» Work task
Please return the listing below word for word, minus its pictures.
====
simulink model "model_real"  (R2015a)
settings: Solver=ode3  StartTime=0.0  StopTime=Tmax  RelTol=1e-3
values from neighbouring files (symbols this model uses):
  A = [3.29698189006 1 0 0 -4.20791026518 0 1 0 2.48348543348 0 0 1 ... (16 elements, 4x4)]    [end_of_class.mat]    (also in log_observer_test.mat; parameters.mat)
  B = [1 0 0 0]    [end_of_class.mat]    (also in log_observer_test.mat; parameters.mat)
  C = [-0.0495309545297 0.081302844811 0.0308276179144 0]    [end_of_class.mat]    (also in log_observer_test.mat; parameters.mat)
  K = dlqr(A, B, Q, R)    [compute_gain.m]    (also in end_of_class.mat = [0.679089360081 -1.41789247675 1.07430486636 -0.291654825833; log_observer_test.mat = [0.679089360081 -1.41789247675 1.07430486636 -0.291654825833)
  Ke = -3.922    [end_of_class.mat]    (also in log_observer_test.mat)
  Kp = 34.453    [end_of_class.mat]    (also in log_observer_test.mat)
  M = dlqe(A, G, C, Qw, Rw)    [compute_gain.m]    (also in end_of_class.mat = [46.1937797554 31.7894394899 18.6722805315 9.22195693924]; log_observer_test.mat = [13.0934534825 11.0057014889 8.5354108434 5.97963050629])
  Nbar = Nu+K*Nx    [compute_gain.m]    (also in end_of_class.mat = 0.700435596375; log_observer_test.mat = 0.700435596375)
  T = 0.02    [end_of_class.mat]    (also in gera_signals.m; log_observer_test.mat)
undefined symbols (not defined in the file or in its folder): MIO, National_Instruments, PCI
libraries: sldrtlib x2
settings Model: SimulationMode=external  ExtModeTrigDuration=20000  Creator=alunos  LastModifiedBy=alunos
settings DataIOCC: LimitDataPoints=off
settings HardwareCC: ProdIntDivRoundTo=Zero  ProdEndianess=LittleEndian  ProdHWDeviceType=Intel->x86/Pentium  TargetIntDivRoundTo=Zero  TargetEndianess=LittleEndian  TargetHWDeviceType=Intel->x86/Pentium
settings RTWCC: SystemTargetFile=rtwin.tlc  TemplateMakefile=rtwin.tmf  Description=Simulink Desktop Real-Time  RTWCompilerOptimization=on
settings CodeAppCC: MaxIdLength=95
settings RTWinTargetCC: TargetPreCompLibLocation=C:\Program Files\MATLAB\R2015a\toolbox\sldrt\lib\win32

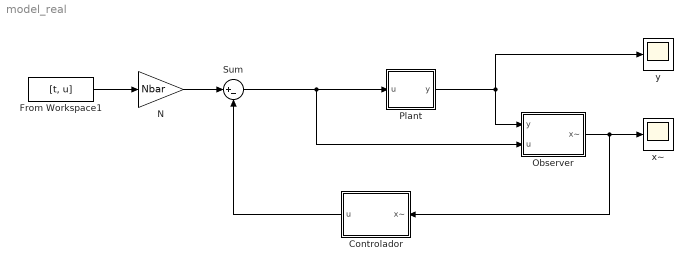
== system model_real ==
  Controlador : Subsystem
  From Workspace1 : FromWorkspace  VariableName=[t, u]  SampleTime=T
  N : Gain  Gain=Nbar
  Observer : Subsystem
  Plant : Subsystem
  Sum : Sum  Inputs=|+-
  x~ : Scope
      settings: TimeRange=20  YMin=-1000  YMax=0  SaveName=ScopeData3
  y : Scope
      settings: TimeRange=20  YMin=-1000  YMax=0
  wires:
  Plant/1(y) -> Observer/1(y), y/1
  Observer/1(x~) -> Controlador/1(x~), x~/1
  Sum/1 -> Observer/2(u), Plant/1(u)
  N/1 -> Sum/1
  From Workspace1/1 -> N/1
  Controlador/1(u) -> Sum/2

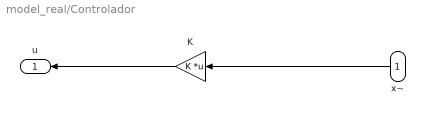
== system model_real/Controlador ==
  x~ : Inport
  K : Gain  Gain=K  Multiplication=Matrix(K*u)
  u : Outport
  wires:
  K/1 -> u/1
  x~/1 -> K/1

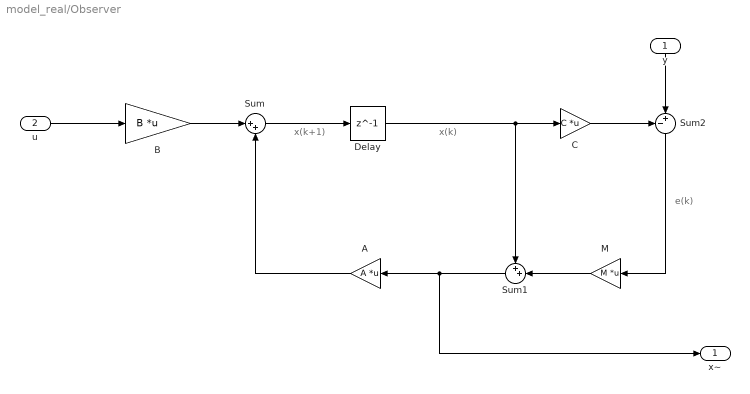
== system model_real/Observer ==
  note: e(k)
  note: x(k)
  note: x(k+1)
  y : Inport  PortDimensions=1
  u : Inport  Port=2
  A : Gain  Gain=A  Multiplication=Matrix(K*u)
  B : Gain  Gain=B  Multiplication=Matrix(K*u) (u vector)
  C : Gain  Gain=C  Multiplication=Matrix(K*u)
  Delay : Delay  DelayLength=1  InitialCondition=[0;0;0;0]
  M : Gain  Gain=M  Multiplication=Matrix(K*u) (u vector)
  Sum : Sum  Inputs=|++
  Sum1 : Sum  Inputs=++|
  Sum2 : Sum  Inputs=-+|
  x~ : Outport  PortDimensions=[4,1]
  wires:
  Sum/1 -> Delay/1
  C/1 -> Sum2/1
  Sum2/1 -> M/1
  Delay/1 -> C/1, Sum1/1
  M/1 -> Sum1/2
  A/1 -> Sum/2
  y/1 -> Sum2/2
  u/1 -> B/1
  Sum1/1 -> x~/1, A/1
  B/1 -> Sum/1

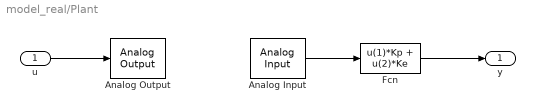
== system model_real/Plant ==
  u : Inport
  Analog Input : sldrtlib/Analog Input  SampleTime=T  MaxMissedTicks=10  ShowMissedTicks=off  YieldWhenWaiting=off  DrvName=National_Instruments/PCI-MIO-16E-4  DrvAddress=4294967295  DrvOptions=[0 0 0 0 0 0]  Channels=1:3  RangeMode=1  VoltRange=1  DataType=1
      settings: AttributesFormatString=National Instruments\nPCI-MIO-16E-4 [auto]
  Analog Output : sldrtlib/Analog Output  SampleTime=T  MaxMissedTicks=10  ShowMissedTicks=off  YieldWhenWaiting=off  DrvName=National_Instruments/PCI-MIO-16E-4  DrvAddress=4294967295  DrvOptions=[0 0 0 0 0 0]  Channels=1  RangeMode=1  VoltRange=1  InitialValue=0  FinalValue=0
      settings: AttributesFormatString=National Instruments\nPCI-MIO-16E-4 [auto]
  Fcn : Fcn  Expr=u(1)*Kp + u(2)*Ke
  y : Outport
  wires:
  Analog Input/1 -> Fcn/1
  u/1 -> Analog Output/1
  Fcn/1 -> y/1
====
» Final answer
simulink model "model_real"  (R2015a)
settings: Solver=ode3  StartTime=0.0  StopTime=Tmax  RelTol=1e-3
values from neighbouring files (symbols this model uses):
  A = [3.29698189006 1 0 0 -4.20791026518 0 1 0 2.48348543348 0 0 1 ... (16 elements, 4x4)]    [end_of_class.mat]    (also in log_observer_test.mat; parameters.mat)
  B = [1 0 0 0]    [end_of_class.mat]    (also in log_observer_test.mat; parameters.mat)
  C = [-0.0495309545297 0.081302844811 0.0308276179144 0]    [end_of_class.mat]    (also in log_observer_test.mat; parameters.mat)
  K = dlqr(A, B, Q, R)    [compute_gain.m]    (also in end_of_class.mat = [0.679089360081 -1.41789247675 1.07430486636 -0.291654825833; log_observer_test.mat = [0.679089360081 -1.41789247675 1.07430486636 -0.291654825833)
  Ke = -3.922    [end_of_class.mat]    (also in log_observer_test.mat)
  Kp = 34.453    [end_of_class.mat]    (also in log_observer_test.mat)
  M = dlqe(A, G, C, Qw, Rw)    [compute_gain.m]    (also in end_of_class.mat = [46.1937797554 31.7894394899 18.6722805315 9.22195693924]; log_observer_test.mat = [13.0934534825 11.0057014889 8.5354108434 5.97963050629])
  Nbar = Nu+K*Nx    [compute_gain.m]    (also in end_of_class.mat = 0.700435596375; log_observer_test.mat = 0.700435596375)
  T = 0.02    [end_of_class.mat]    (also in gera_signals.m; log_observer_test.mat)
undefined symbols (not defined in the file or in its folder): MIO, National_Instruments, PCI
libraries: sldrtlib x2
settings Model: SimulationMode=external  ExtModeTrigDuration=20000  Creator=alunos  LastModifiedBy=alunos
settings DataIOCC: LimitDataPoints=off
settings HardwareCC: ProdIntDivRoundTo=Zero  ProdEndianess=LittleEndian  ProdHWDeviceType=Intel->x86/Pentium  TargetIntDivRoundTo=Zero  TargetEndianess=LittleEndian  TargetHWDeviceType=Intel->x86/Pentium
settings RTWCC: SystemTargetFile=rtwin.tlc  TemplateMakefile=rtwin.tmf  Description=Simulink Desktop Real-Time  RTWCompilerOptimization=on
settings CodeAppCC: MaxIdLength=95
settings RTWinTargetCC: TargetPreCompLibLocation=C:\Program Files\MATLAB\R2015a\toolbox\sldrt\lib\win32

== system model_real ==
  Controlador : Subsystem
  From Workspace1 : FromWorkspace  VariableName=[t, u]  SampleTime=T
  N : Gain  Gain=Nbar
  Observer : Subsystem
  Plant : Subsystem
  Sum : Sum  Inputs=|+-
  x~ : Scope
      settings: TimeRange=20  YMin=-1000  YMax=0  SaveName=ScopeData3
  y : Scope
      settings: TimeRange=20  YMin=-1000  YMax=0
  wires:
  Plant/1(y) -> Observer/1(y), y/1
  Observer/1(x~) -> Controlador/1(x~), x~/1
  Sum/1 -> Observer/2(u), Plant/1(u)
  N/1 -> Sum/1
  From Workspace1/1 -> N/1
  Controlador/1(u) -> Sum/2

== system model_real/Controlador ==
  x~ : Inport
  K : Gain  Gain=K  Multiplication=Matrix(K*u)
  u : Outport
  wires:
  K/1 -> u/1
  x~/1 -> K/1

== system model_real/Observer ==
  note: e(k)
  note: x(k)
  note: x(k+1)
  y : Inport  PortDimensions=1
  u : Inport  Port=2
  A : Gain  Gain=A  Multiplication=Matrix(K*u)
  B : Gain  Gain=B  Multiplication=Matrix(K*u) (u vector)
  C : Gain  Gain=C  Multiplication=Matrix(K*u)
  Delay : Delay  DelayLength=1  InitialCondition=[0;0;0;0]
  M : Gain  Gain=M  Multiplication=Matrix(K*u) (u vector)
  Sum : Sum  Inputs=|++
  Sum1 : Sum  Inputs=++|
  Sum2 : Sum  Inputs=-+|
  x~ : Outport  PortDimensions=[4,1]
  wires:
  Sum/1 -> Delay/1
  C/1 -> Sum2/1
  Sum2/1 -> M/1
  Delay/1 -> C/1, Sum1/1
  M/1 -> Sum1/2
  A/1 -> Sum/2
  y/1 -> Sum2/2
  u/1 -> B/1
  Sum1/1 -> x~/1, A/1
  B/1 -> Sum/1

== system model_real/Plant ==
  u : Inport
  Analog Input : sldrtlib/Analog Input  SampleTime=T  MaxMissedTicks=10  ShowMissedTicks=off  YieldWhenWaiting=off  DrvName=National_Instruments/PCI-MIO-16E-4  DrvAddress=4294967295  DrvOptions=[0 0 0 0 0 0]  Channels=1:3  RangeMode=1  VoltRange=1  DataType=1
      settings: AttributesFormatString=National Instruments\nPCI-MIO-16E-4 [auto]
  Analog Output : sldrtlib/Analog Output  SampleTime=T  MaxMissedTicks=10  ShowMissedTicks=off  YieldWhenWaiting=off  DrvName=National_Instruments/PCI-MIO-16E-4  DrvAddress=4294967295  DrvOptions=[0 0 0 0 0 0]  Channels=1  RangeMode=1  VoltRange=1  InitialValue=0  FinalValue=0
      settings: AttributesFormatString=National Instruments\nPCI-MIO-16E-4 [auto]
  Fcn : Fcn  Expr=u(1)*Kp + u(2)*Ke
  y : Outport
  wires:
  Analog Input/1 -> Fcn/1
  u/1 -> Analog Output/1
  Fcn/1 -> y/1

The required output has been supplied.